╭─ GIVEN RECORDS

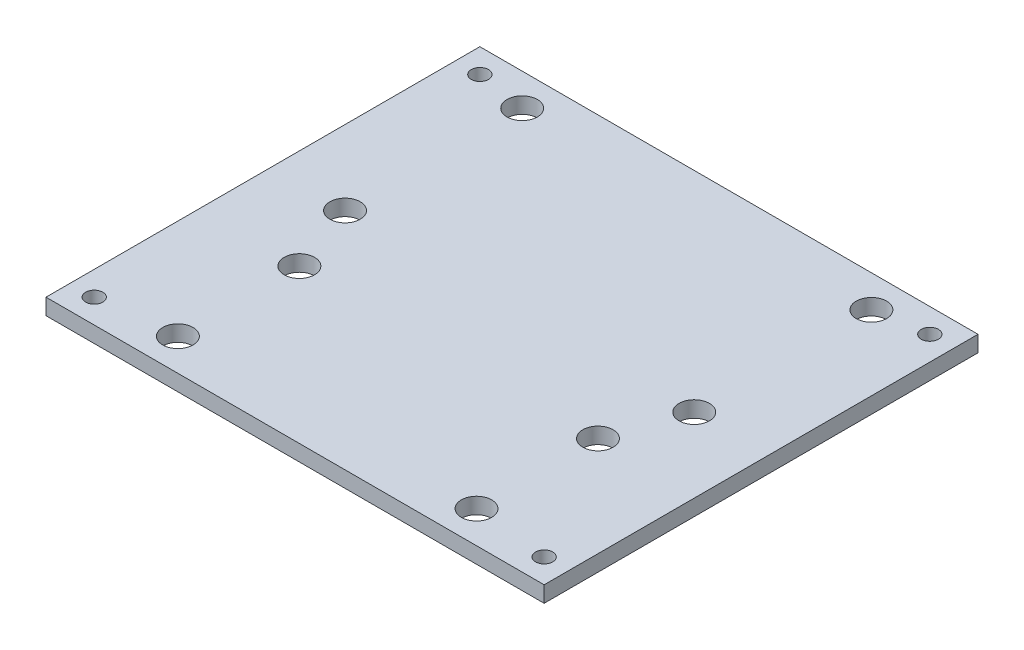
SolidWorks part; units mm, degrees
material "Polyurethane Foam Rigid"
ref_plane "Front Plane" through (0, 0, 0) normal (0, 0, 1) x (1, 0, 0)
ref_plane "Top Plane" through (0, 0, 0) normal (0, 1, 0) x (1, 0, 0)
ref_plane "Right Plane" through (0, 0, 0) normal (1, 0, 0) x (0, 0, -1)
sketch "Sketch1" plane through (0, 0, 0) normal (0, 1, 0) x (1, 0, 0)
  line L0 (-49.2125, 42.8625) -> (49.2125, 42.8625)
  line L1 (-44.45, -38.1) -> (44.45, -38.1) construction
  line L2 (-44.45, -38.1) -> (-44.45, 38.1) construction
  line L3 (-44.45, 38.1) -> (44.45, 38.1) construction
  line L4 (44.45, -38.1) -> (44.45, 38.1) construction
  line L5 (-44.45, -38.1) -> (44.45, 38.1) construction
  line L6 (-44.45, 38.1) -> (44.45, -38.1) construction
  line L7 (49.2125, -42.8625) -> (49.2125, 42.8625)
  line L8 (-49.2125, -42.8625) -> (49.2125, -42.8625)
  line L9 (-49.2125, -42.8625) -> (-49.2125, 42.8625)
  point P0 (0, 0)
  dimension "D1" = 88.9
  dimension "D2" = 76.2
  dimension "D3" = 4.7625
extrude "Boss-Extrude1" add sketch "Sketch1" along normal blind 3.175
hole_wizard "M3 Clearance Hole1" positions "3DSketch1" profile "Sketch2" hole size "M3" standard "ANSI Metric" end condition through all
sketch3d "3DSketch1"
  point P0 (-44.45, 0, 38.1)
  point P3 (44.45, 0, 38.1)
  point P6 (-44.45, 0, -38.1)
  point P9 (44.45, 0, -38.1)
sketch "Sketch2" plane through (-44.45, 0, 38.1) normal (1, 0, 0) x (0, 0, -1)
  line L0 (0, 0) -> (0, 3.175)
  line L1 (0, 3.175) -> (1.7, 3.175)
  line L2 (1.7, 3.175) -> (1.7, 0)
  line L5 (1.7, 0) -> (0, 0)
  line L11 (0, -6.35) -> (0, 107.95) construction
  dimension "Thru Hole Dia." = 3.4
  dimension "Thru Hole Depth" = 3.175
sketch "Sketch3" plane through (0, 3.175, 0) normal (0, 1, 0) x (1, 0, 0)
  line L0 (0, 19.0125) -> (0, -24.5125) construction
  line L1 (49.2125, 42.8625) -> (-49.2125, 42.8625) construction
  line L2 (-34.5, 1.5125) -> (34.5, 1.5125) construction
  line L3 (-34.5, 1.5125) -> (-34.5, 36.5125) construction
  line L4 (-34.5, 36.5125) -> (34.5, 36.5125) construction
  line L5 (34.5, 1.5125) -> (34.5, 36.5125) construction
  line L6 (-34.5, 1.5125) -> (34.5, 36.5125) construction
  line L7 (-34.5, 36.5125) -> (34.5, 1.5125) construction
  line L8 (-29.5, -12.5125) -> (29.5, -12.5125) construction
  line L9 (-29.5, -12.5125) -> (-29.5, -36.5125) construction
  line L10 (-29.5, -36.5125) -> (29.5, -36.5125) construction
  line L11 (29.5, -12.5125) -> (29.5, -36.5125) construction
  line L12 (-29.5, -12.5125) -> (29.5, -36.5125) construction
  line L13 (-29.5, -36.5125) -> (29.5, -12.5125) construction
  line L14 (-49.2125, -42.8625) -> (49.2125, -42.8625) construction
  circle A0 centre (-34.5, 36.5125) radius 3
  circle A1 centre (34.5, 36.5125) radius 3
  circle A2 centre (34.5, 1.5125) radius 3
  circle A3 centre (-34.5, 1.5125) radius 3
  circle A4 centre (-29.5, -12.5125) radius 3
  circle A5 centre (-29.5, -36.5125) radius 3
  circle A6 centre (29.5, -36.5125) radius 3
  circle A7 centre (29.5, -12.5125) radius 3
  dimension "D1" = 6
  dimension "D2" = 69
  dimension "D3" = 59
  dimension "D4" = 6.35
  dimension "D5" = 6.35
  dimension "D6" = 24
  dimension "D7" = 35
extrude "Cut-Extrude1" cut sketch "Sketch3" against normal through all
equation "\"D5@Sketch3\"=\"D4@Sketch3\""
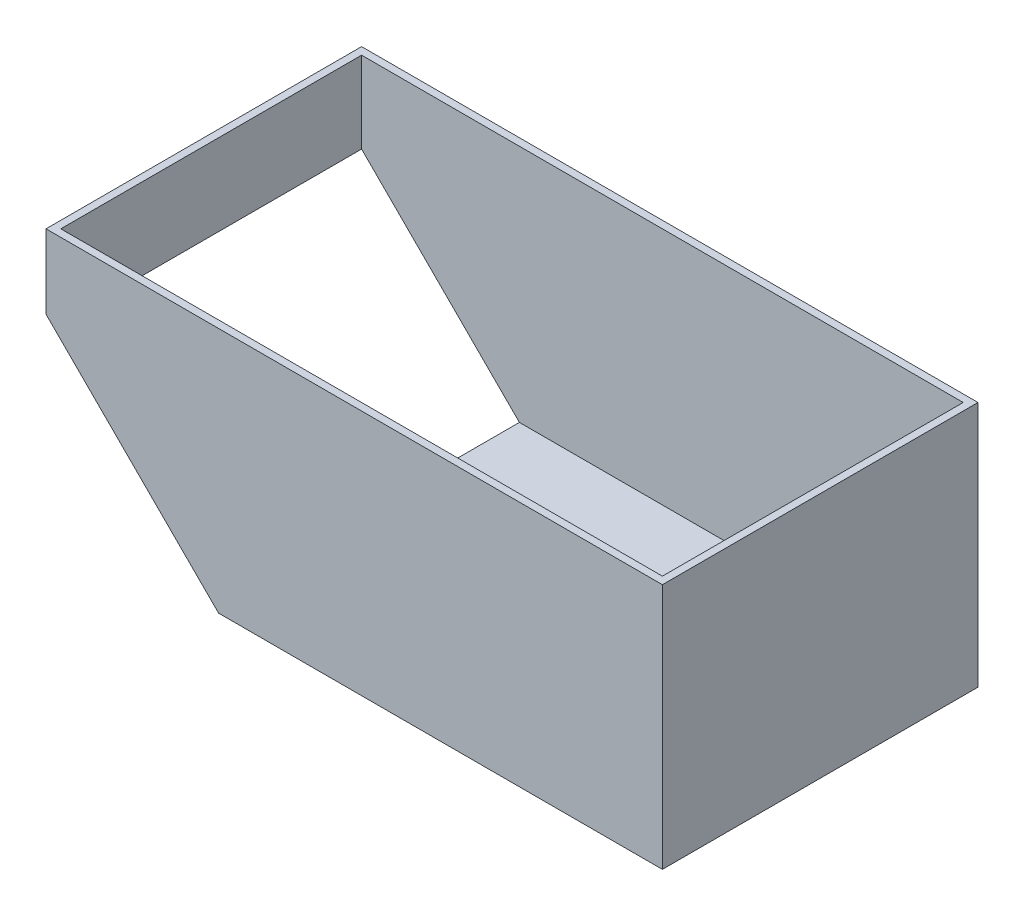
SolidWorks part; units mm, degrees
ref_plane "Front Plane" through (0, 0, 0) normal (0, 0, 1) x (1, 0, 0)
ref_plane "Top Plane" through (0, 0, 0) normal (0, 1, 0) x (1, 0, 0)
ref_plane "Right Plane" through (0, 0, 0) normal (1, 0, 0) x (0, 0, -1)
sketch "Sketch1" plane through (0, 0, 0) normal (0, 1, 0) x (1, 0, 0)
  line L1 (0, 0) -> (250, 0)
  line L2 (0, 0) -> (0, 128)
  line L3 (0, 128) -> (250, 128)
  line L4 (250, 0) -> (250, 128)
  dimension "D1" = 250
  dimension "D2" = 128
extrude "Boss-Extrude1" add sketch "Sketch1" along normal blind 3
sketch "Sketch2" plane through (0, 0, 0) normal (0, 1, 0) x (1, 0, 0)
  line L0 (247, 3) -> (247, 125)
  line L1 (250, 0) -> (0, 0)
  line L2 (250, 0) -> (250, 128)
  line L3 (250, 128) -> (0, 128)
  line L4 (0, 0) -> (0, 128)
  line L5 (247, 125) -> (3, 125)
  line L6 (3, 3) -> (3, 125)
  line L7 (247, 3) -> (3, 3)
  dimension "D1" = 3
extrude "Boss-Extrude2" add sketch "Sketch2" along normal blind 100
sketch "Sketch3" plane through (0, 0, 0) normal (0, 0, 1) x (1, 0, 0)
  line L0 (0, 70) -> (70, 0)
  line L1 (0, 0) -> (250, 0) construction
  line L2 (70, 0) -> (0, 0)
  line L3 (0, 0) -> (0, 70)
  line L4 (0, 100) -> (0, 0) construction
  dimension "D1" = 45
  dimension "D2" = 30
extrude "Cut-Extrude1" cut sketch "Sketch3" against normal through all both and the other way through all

╰─

● **EXERCISE**: Start at the line with "normal blind 100" and stop at the end of the records. Write those lines out exactly and add nothing.

● **FINISHED TASK**:
extrude "Boss-Extrude2" add sketch "Sketch2" along normal blind 100
sketch "Sketch3" plane through (0, 0, 0) normal (0, 0, 1) x (1, 0, 0)
  line L0 (0, 70) -> (70, 0)
  line L1 (0, 0) -> (250, 0) construction
  line L2 (70, 0) -> (0, 0)
  line L3 (0, 0) -> (0, 70)
  line L4 (0, 100) -> (0, 0) construction
  dimension "D1" = 45
  dimension "D2" = 30
extrude "Cut-Extrude1" cut sketch "Sketch3" against normal through all both and the other way through all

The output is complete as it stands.